=== Section Start ===

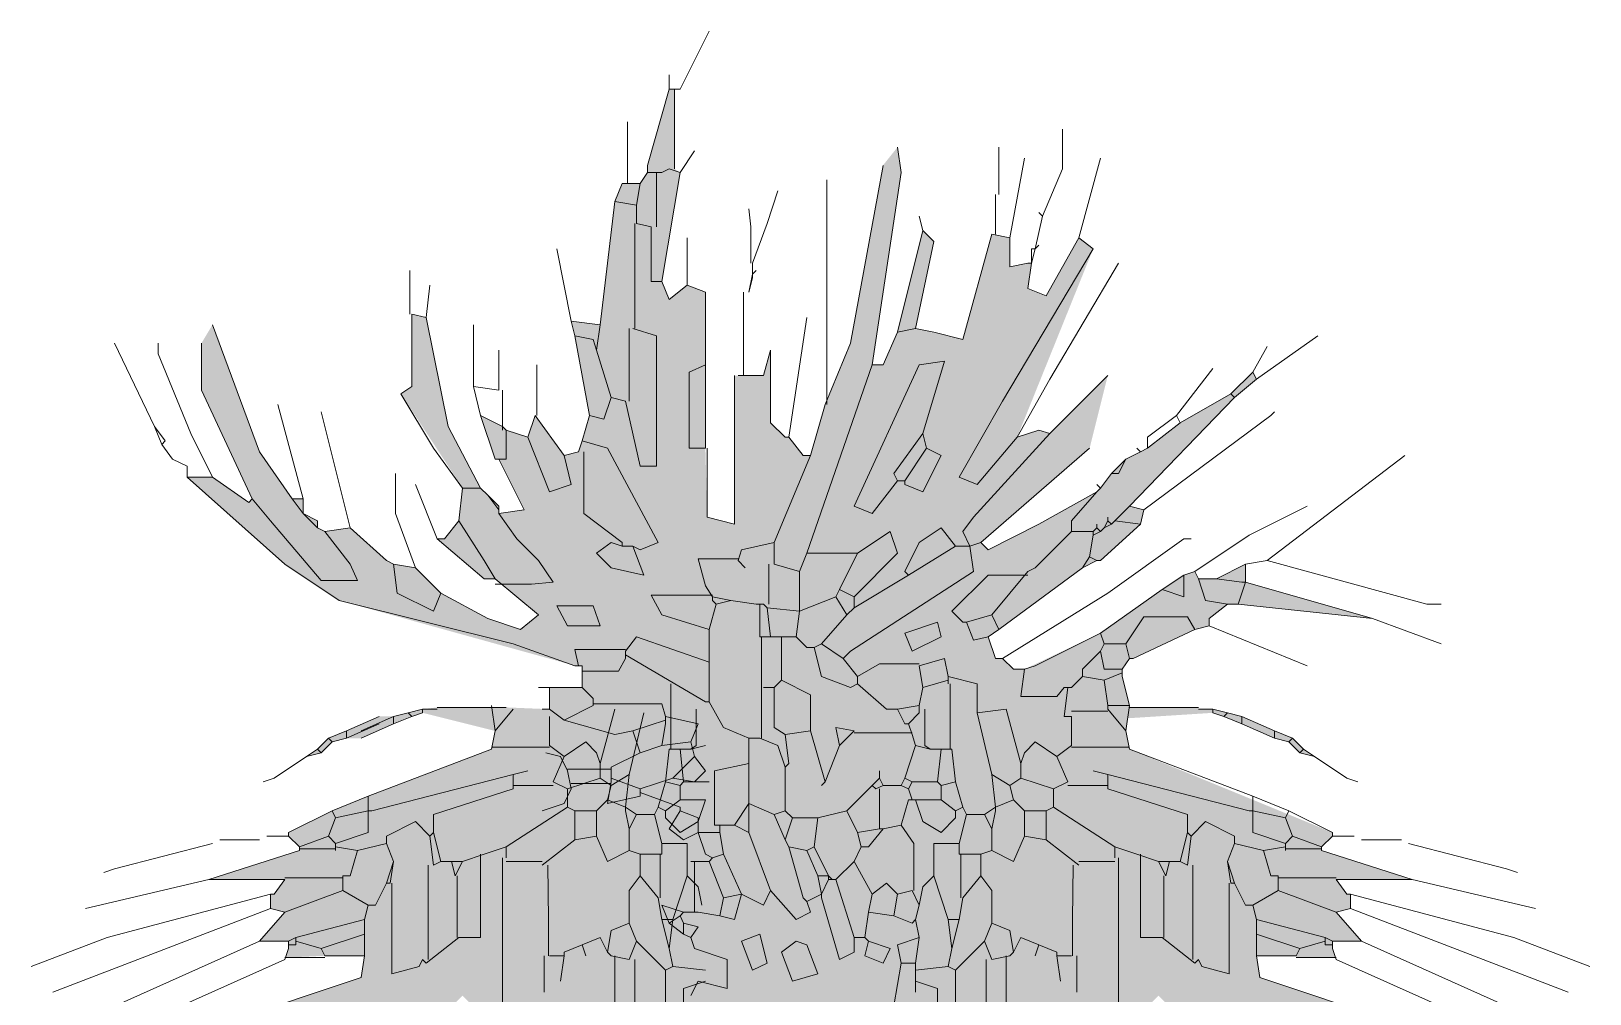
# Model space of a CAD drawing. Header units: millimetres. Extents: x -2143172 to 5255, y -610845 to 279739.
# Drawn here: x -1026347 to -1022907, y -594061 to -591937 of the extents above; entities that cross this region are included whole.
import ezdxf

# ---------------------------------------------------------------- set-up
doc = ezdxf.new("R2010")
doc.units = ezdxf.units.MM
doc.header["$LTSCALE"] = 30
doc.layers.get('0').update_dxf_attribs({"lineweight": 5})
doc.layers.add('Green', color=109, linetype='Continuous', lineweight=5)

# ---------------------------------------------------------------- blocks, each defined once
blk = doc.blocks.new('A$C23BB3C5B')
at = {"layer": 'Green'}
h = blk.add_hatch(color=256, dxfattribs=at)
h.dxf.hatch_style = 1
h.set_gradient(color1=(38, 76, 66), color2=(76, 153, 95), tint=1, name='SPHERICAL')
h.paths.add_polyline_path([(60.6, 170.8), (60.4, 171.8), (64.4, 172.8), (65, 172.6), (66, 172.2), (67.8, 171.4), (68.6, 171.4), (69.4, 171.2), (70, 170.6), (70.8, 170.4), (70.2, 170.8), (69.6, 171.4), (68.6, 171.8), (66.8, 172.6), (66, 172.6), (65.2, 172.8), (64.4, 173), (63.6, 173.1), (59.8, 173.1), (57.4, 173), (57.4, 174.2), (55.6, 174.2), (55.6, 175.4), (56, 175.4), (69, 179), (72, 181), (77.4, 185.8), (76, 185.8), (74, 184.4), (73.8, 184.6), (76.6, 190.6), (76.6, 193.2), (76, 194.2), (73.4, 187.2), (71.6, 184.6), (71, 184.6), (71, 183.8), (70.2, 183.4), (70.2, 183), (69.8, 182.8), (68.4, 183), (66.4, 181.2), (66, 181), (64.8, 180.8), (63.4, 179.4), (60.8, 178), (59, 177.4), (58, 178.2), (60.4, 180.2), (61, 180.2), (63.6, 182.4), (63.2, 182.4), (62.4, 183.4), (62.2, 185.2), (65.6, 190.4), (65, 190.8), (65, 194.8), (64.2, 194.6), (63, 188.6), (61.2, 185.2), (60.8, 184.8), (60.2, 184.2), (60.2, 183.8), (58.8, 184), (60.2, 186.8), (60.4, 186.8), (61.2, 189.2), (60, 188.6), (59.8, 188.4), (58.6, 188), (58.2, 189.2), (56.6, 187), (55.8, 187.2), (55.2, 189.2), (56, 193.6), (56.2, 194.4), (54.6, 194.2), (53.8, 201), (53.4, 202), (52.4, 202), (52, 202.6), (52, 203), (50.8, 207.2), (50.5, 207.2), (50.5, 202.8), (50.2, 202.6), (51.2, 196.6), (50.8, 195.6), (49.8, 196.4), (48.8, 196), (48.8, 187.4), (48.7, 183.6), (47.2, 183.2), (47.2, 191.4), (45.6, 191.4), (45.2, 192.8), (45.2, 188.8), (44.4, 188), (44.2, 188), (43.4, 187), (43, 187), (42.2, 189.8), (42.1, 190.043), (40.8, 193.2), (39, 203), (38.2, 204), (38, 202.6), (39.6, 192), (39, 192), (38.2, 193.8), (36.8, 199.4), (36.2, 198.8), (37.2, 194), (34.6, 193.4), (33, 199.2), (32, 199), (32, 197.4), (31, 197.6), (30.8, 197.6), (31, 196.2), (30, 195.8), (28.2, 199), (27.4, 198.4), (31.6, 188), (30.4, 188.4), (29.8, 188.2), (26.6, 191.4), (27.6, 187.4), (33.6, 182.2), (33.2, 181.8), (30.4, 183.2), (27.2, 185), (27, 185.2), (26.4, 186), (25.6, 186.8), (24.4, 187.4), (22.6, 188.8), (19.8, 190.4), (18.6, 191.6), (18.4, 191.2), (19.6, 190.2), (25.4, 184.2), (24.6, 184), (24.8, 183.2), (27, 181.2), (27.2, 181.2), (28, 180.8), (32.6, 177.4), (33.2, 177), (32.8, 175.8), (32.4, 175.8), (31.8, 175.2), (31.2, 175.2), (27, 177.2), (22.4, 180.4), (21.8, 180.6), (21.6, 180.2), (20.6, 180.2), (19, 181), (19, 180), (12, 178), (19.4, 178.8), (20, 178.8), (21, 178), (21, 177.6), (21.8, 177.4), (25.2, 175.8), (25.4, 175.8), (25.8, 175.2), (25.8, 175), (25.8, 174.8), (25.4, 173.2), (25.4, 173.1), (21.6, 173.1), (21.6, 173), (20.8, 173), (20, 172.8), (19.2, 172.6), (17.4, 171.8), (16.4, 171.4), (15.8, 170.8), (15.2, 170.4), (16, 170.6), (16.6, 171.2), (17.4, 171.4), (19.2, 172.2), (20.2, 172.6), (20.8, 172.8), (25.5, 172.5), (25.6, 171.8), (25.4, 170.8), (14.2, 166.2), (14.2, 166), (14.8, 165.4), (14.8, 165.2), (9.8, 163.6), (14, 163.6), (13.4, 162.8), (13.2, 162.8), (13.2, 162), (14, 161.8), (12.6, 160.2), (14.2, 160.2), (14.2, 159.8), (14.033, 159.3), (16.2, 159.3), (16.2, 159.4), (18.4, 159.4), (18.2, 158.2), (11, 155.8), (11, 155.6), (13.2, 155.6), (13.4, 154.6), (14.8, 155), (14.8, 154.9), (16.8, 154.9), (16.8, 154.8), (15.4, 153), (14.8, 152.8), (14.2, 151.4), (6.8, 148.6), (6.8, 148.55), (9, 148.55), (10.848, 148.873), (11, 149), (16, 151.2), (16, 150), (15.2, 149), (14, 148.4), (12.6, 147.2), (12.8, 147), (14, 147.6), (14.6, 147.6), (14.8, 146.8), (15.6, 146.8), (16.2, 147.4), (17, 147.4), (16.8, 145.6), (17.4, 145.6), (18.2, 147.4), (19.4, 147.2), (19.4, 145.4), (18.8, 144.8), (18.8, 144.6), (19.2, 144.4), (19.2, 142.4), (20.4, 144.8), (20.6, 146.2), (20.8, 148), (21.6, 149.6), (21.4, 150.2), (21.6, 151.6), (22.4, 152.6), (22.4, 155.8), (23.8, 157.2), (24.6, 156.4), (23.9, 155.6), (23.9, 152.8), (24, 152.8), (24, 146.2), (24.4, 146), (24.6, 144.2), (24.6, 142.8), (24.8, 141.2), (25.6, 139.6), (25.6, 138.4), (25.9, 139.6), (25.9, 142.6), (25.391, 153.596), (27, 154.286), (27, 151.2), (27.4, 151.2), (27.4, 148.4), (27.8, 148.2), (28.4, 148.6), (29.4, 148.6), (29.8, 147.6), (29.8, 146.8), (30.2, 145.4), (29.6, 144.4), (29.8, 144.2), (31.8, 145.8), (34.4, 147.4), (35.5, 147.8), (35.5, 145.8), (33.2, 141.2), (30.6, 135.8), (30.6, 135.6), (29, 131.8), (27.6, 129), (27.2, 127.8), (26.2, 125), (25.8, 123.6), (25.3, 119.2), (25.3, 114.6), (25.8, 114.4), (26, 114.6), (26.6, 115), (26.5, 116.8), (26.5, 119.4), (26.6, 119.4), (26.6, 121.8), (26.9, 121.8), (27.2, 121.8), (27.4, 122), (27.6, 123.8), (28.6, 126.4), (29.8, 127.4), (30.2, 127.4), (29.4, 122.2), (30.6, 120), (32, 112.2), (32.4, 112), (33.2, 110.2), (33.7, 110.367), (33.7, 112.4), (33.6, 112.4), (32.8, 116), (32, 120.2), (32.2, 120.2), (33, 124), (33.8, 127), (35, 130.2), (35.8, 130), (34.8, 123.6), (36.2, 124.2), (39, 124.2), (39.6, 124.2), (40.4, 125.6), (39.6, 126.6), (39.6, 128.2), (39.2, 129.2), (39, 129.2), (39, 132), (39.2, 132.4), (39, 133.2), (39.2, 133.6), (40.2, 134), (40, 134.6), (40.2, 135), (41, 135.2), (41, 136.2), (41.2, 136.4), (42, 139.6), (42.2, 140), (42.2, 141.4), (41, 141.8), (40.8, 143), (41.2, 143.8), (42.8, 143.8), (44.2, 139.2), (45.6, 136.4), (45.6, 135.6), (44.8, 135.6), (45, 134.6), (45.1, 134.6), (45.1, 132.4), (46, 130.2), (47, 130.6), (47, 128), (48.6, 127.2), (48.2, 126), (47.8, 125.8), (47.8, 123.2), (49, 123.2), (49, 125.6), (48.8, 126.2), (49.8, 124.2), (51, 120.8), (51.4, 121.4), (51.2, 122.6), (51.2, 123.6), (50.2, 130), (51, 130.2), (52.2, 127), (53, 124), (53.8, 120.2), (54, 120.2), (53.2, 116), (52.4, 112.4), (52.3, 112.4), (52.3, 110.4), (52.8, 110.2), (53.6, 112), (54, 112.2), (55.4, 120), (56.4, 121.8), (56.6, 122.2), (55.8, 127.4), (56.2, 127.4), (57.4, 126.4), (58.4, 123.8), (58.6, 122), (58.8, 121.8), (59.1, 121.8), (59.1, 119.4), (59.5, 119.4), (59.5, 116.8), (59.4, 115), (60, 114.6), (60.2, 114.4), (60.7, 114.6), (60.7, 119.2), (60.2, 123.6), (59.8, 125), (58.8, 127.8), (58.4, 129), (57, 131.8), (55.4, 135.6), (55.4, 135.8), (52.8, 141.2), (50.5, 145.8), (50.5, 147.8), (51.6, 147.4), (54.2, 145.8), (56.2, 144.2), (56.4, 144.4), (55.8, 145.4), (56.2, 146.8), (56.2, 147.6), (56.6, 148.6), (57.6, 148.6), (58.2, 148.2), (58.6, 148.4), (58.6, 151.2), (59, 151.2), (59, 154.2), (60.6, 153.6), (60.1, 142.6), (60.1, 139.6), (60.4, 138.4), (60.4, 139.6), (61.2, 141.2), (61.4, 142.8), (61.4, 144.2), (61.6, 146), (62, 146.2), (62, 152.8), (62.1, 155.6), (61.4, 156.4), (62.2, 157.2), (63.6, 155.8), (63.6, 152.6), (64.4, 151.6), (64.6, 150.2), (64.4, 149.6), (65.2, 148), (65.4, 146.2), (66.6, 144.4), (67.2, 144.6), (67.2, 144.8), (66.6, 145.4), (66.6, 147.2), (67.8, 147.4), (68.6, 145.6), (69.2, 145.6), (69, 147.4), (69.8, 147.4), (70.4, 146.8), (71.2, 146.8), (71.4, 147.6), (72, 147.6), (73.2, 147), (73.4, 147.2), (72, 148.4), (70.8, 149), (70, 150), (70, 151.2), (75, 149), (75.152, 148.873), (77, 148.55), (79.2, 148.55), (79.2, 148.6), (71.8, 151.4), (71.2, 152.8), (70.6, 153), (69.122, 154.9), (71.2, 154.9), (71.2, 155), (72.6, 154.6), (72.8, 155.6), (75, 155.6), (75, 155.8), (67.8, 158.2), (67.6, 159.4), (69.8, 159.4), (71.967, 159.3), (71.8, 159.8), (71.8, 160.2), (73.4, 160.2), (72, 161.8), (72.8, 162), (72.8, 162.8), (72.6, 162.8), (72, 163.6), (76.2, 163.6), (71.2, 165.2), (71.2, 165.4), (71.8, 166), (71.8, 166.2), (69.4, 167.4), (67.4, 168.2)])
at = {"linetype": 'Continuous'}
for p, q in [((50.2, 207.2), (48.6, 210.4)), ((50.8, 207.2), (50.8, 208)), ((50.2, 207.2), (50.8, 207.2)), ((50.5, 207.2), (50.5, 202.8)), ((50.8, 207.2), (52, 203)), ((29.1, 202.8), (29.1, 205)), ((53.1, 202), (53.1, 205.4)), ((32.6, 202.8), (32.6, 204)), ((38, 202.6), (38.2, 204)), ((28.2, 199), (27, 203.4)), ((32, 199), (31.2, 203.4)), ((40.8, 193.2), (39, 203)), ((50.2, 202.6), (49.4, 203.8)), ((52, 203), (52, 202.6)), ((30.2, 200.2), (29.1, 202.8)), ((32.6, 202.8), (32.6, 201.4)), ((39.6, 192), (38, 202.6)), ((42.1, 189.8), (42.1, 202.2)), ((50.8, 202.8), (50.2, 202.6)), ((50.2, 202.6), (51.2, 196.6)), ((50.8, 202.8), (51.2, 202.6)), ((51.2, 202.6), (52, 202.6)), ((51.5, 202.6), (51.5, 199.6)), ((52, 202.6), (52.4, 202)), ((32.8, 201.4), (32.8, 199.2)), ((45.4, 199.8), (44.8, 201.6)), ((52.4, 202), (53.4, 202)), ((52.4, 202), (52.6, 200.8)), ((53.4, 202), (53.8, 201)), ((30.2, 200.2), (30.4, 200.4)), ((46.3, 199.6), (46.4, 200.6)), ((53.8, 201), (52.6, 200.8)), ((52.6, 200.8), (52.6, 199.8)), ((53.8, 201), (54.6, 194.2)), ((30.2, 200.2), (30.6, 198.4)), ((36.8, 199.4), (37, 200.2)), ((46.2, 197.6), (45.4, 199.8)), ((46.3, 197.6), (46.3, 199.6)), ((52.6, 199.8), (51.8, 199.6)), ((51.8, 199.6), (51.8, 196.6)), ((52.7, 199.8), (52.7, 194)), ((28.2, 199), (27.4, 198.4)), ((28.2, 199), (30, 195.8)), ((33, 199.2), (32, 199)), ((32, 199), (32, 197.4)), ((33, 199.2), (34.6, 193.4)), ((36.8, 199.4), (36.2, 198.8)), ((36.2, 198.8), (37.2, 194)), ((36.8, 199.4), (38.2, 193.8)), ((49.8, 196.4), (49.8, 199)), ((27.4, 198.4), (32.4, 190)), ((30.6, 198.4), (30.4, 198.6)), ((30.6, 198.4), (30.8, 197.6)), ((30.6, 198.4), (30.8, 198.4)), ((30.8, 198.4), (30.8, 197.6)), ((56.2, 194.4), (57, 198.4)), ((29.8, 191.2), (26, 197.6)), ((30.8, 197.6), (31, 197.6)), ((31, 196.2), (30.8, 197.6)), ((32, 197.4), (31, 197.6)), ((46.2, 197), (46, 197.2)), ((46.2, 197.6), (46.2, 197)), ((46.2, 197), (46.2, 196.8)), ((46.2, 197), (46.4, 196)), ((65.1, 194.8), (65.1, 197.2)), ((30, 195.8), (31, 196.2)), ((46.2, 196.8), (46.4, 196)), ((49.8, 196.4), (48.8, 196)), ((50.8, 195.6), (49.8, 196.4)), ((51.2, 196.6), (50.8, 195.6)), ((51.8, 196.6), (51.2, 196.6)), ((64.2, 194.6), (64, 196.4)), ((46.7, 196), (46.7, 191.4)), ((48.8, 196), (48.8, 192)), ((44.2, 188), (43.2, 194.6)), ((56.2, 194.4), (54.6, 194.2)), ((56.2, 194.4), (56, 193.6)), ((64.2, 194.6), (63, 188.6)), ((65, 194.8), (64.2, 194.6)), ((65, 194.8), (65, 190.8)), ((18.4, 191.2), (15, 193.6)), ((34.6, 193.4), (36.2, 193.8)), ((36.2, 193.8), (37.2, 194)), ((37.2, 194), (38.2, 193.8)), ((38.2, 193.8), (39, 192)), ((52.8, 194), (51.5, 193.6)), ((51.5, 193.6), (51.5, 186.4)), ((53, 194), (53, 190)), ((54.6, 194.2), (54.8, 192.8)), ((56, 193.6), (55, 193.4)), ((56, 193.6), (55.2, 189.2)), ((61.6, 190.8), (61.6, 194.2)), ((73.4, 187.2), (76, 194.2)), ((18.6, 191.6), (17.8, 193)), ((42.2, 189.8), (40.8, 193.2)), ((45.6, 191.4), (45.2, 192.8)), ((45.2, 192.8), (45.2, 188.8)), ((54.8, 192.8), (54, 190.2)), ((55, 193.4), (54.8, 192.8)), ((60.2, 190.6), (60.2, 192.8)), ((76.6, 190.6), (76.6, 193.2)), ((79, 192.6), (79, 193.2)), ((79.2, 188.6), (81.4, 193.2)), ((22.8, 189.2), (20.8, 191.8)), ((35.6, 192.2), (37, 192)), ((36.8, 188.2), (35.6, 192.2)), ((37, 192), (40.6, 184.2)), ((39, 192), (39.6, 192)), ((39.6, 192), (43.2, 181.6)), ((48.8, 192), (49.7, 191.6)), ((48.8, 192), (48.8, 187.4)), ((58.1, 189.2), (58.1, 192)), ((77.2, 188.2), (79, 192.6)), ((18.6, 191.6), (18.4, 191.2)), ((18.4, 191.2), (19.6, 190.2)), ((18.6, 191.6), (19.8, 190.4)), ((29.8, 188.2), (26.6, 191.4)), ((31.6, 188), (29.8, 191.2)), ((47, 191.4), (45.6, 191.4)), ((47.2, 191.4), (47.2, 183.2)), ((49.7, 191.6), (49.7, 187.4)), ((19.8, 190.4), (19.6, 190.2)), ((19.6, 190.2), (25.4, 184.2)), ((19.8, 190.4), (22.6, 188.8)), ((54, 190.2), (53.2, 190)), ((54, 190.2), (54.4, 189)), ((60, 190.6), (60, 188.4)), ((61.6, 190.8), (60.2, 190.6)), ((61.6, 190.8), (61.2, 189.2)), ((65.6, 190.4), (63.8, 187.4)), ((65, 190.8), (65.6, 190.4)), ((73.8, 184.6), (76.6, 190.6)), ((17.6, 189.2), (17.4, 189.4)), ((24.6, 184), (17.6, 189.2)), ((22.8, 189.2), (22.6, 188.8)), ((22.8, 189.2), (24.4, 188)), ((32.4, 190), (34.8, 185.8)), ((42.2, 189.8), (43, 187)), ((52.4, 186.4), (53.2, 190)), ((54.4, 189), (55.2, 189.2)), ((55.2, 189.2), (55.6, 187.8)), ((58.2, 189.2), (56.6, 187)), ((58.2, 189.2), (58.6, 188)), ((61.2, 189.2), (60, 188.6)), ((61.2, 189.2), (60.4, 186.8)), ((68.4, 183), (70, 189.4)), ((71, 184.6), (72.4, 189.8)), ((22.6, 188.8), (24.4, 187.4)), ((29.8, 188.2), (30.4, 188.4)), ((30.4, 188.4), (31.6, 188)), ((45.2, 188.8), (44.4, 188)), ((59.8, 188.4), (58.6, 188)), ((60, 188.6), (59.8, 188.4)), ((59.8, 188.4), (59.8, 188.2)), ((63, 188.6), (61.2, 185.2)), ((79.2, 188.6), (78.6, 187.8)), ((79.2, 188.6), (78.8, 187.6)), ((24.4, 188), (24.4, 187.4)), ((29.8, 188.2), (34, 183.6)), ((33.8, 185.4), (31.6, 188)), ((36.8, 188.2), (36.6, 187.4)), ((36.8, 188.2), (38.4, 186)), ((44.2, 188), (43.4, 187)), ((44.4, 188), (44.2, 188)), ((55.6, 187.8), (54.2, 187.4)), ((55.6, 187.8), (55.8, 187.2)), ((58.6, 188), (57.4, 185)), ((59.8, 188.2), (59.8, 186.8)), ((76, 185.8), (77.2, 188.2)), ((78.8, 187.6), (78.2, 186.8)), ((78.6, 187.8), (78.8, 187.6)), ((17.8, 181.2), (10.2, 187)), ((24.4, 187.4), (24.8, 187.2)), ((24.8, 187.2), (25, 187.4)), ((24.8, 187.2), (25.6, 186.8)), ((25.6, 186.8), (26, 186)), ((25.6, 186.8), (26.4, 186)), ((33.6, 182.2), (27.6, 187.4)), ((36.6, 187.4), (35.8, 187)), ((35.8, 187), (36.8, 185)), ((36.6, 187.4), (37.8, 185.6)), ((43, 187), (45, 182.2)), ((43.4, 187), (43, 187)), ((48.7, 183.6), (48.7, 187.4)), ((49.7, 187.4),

=== Section End ===

The lines to return are those in the entries above that include "blocks".

# ---------------------------------------------------------------- blocks, each defined once
blk = doc.blocks.new('A$C23BB3C5B')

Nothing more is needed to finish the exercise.